(Stored data)
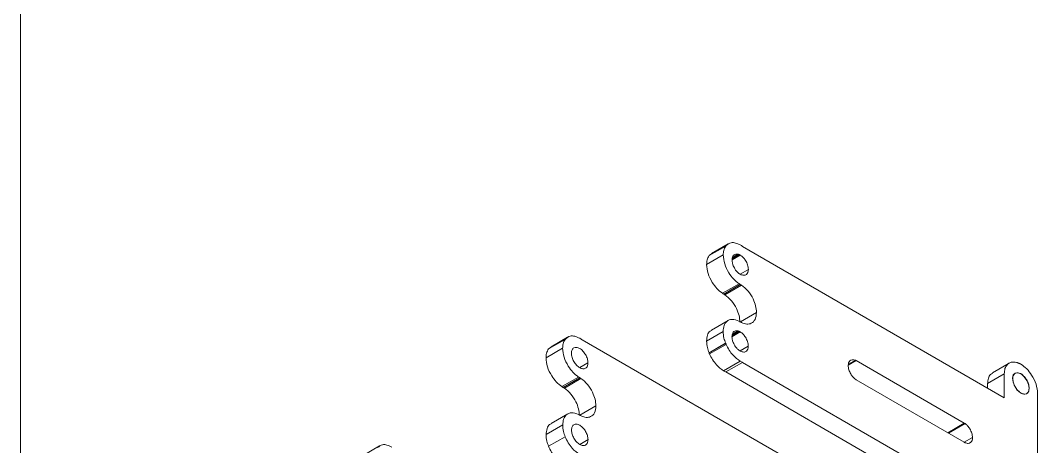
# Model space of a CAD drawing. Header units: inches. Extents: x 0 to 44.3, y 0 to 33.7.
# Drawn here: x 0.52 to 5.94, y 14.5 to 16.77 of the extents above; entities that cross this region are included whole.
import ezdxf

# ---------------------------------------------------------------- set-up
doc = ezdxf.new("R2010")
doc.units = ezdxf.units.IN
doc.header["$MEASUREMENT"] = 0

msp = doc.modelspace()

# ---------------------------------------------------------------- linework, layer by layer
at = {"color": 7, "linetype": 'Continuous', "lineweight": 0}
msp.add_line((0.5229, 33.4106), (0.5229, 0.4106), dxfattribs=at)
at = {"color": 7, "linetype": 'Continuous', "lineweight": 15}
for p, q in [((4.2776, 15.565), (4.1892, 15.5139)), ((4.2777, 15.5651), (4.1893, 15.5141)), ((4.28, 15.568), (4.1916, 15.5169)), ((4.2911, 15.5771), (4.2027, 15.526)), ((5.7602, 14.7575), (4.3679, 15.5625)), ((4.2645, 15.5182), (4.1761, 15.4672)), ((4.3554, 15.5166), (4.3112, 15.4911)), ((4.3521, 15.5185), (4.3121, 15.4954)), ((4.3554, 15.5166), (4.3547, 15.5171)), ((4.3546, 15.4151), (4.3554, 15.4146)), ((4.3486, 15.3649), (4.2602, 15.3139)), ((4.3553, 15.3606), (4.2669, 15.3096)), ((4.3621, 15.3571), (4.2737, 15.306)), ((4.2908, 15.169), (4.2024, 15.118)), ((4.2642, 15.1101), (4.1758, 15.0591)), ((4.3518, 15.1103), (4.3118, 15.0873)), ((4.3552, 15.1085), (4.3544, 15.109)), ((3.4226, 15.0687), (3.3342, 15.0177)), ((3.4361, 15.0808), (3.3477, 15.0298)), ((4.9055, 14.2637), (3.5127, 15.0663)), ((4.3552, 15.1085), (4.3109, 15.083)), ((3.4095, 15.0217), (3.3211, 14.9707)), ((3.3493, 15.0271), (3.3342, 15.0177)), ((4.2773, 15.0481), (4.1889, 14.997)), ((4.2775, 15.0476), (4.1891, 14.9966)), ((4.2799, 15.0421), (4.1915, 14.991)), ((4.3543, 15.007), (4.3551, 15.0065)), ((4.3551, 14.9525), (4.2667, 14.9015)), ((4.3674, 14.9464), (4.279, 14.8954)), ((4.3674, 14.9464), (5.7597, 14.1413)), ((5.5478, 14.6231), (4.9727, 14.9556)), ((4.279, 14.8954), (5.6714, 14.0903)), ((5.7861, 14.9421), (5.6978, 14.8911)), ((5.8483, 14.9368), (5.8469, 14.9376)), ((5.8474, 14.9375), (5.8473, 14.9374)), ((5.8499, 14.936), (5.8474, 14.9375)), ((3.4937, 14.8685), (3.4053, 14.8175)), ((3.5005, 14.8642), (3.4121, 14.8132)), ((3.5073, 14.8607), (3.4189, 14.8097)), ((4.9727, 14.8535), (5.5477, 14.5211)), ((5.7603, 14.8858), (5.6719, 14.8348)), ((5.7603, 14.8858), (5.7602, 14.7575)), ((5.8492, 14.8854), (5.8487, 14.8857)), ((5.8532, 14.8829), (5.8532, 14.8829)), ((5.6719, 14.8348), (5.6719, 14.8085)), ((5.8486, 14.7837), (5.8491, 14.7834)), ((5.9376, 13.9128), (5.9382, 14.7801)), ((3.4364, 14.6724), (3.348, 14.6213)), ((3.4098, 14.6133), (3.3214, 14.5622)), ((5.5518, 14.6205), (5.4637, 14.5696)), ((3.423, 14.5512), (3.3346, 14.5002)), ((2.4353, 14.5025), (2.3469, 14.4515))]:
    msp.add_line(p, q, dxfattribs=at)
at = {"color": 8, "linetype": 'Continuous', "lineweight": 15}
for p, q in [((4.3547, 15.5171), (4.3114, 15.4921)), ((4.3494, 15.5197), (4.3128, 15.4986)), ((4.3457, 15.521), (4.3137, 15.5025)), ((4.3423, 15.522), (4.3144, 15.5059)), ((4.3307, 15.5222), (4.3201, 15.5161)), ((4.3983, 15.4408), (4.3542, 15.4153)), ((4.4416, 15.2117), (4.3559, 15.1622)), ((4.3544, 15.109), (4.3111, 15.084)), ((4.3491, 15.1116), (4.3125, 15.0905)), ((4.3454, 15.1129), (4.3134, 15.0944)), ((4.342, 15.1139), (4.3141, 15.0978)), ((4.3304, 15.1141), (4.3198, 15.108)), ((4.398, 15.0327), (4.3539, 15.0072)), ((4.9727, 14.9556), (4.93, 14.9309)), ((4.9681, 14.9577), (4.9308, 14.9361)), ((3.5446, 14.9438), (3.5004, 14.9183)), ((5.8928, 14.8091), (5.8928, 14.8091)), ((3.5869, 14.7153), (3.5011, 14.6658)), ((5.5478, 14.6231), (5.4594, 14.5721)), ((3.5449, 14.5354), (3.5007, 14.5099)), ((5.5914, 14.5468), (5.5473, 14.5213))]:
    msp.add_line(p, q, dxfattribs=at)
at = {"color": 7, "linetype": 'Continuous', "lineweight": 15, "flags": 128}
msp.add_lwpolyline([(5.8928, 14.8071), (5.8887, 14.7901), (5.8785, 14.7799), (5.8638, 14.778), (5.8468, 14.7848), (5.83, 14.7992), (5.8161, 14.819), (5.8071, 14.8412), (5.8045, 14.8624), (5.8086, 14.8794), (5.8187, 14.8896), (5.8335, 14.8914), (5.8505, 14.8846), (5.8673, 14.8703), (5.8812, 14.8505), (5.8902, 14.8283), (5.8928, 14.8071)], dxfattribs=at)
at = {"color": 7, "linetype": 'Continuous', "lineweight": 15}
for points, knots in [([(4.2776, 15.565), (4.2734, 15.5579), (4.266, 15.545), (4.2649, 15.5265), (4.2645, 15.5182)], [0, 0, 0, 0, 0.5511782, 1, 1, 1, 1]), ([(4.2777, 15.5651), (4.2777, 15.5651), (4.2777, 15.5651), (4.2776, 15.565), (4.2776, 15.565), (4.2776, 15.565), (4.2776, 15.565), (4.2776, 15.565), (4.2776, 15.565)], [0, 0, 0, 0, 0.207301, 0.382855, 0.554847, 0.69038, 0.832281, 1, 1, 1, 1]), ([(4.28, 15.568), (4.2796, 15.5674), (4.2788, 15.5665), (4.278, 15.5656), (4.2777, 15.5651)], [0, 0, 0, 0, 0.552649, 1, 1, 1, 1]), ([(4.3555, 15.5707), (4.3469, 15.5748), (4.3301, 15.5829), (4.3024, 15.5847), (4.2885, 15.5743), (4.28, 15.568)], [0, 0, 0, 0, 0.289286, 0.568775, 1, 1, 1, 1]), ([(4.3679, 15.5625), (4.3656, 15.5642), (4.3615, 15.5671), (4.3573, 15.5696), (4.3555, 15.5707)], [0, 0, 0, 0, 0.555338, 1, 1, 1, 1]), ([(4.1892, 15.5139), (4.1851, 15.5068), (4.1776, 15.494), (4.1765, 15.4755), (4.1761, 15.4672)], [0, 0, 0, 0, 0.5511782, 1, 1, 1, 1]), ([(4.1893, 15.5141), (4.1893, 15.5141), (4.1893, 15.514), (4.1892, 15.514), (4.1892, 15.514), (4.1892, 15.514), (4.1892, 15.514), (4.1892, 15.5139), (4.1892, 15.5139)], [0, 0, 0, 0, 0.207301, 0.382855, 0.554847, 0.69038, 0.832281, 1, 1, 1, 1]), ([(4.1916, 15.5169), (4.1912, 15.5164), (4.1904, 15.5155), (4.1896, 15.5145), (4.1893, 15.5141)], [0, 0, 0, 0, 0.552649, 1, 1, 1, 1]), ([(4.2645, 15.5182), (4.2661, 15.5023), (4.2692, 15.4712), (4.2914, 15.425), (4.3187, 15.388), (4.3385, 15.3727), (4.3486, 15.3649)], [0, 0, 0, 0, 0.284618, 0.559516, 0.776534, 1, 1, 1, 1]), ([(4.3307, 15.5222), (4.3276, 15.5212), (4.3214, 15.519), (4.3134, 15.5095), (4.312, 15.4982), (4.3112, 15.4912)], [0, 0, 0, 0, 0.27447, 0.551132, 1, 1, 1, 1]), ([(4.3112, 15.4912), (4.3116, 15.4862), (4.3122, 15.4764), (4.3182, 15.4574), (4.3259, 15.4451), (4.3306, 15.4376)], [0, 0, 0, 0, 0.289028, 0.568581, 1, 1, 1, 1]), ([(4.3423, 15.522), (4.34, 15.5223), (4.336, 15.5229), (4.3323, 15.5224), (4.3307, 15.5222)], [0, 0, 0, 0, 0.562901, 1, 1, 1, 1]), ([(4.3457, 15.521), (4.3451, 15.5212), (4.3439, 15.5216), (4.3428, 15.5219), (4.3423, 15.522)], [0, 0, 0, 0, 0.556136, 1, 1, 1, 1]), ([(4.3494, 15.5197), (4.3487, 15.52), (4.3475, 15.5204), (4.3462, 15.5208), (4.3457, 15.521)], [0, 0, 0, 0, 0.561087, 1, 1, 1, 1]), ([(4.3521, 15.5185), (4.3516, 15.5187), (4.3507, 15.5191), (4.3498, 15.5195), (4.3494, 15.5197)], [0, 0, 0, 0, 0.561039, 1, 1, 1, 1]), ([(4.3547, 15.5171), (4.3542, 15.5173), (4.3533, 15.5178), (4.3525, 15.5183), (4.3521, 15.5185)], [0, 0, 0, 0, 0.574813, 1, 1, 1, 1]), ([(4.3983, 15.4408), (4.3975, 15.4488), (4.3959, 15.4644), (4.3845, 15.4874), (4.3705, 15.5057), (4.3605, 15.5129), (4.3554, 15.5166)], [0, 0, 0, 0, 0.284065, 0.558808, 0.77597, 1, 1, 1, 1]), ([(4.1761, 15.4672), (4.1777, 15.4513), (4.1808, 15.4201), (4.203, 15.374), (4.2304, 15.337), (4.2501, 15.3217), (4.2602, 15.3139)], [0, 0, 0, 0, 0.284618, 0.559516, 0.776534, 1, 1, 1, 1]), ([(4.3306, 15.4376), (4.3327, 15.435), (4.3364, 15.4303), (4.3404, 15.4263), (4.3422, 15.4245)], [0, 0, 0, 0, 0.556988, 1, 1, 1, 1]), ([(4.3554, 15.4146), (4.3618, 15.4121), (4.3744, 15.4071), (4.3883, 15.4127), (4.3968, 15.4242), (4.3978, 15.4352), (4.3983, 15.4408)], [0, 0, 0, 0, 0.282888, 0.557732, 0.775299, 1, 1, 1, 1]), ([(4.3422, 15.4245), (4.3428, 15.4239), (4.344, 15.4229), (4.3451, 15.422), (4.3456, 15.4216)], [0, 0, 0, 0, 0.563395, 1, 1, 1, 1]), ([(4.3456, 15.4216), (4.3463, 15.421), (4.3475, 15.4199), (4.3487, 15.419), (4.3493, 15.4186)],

▶ [WORK ITEM] Copy task for the entries above: every line with the string "lineweight".

▶ [TASK RESPONSE]
at = {"color": 7, "linetype": 'Continuous', "lineweight": 0}
at = {"color": 7, "linetype": 'Continuous', "lineweight": 15}
at = {"color": 8, "linetype": 'Continuous', "lineweight": 15}
at = {"color": 7, "linetype": 'Continuous', "lineweight": 15, "flags": 128}
at = {"color": 7, "linetype": 'Continuous', "lineweight": 15}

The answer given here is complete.